▶ [PROBLEM TO SOLVE] Repeat the lines from the line with "idle1 -> update" to the line with "idle2 -> dma_tlast : [dma_tready == true]" in the listing below, keeping both end lines and adding nothing.
::::::::::
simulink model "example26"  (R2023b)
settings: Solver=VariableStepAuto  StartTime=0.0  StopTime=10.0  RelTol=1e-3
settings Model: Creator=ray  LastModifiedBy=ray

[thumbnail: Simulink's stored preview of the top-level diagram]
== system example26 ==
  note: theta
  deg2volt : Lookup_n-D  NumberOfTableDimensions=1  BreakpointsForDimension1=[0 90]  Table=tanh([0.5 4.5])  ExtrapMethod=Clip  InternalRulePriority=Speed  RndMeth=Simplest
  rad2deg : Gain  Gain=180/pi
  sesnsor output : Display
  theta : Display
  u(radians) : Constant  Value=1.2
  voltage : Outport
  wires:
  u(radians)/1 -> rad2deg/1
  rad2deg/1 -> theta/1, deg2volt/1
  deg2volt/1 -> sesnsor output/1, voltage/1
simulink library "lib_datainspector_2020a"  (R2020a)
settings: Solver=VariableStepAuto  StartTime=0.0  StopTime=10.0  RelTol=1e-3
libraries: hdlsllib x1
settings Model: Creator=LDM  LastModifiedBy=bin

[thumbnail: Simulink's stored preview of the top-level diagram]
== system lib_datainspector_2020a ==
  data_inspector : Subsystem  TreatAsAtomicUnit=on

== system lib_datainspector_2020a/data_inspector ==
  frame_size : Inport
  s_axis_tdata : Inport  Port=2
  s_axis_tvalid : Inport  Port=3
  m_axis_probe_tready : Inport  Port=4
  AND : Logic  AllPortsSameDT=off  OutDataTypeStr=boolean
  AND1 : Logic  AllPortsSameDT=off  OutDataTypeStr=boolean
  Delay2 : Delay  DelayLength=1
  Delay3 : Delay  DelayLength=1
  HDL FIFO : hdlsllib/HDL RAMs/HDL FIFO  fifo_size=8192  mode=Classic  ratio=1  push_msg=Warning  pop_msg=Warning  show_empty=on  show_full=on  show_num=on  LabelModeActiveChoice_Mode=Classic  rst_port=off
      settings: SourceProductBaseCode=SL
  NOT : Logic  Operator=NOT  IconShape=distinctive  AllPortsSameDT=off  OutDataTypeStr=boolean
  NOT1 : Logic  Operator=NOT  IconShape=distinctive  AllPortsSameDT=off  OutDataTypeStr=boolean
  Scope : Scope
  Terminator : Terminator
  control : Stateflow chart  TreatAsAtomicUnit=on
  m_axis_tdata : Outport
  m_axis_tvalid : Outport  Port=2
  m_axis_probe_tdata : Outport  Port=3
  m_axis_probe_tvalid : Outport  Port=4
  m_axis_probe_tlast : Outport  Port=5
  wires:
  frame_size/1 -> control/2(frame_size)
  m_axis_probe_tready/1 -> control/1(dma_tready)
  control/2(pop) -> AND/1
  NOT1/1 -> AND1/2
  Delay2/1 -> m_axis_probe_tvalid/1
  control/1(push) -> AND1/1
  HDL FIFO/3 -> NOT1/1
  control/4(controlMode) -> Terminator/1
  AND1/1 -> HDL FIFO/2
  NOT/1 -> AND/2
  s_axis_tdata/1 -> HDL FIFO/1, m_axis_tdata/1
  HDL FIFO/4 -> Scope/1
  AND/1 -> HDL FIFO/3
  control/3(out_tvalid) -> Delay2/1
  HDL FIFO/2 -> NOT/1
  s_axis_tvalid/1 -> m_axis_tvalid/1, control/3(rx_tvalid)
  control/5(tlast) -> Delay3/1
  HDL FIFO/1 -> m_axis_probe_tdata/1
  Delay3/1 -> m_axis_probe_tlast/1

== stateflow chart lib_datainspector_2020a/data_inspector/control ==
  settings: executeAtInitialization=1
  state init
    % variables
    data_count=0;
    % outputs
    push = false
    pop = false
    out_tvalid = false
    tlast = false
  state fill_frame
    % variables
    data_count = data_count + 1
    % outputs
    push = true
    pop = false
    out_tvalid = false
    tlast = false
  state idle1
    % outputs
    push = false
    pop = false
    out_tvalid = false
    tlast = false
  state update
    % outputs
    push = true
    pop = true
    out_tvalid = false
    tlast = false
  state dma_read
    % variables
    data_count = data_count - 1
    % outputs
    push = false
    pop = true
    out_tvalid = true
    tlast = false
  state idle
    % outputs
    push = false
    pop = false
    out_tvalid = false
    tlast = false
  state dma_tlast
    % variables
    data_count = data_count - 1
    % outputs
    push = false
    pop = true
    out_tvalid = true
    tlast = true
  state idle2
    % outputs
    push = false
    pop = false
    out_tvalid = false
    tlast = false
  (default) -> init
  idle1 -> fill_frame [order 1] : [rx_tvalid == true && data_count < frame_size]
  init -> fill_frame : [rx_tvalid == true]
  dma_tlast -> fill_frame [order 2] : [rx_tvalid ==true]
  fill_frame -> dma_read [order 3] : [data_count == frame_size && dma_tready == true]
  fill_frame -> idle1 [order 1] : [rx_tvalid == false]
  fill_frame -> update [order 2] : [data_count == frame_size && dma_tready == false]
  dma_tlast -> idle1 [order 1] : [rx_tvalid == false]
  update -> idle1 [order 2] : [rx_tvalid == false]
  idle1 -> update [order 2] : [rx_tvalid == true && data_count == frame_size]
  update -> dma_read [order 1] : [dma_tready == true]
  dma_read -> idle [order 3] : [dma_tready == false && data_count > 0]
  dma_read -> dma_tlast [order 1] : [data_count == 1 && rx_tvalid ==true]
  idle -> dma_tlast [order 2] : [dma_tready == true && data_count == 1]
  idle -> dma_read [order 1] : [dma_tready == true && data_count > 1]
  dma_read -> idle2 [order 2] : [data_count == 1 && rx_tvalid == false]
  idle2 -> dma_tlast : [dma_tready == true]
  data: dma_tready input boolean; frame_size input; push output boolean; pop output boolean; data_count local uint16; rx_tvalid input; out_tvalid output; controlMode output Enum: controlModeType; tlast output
::::::::::
▶ [REPLY]
  idle1 -> update [order 2] : [rx_tvalid == true && data_count == frame_size]
  update -> dma_read [order 1] : [dma_tready == true]
  dma_read -> idle [order 3] : [dma_tready == false && data_count > 0]
  dma_read -> dma_tlast [order 1] : [data_count == 1 && rx_tvalid ==true]
  idle -> dma_tlast [order 2] : [dma_tready == true && data_count == 1]
  idle -> dma_read [order 1] : [dma_tready == true && data_count > 1]
  dma_read -> idle2 [order 2] : [data_count == 1 && rx_tvalid == false]
  idle2 -> dma_tlast : [dma_tready == true]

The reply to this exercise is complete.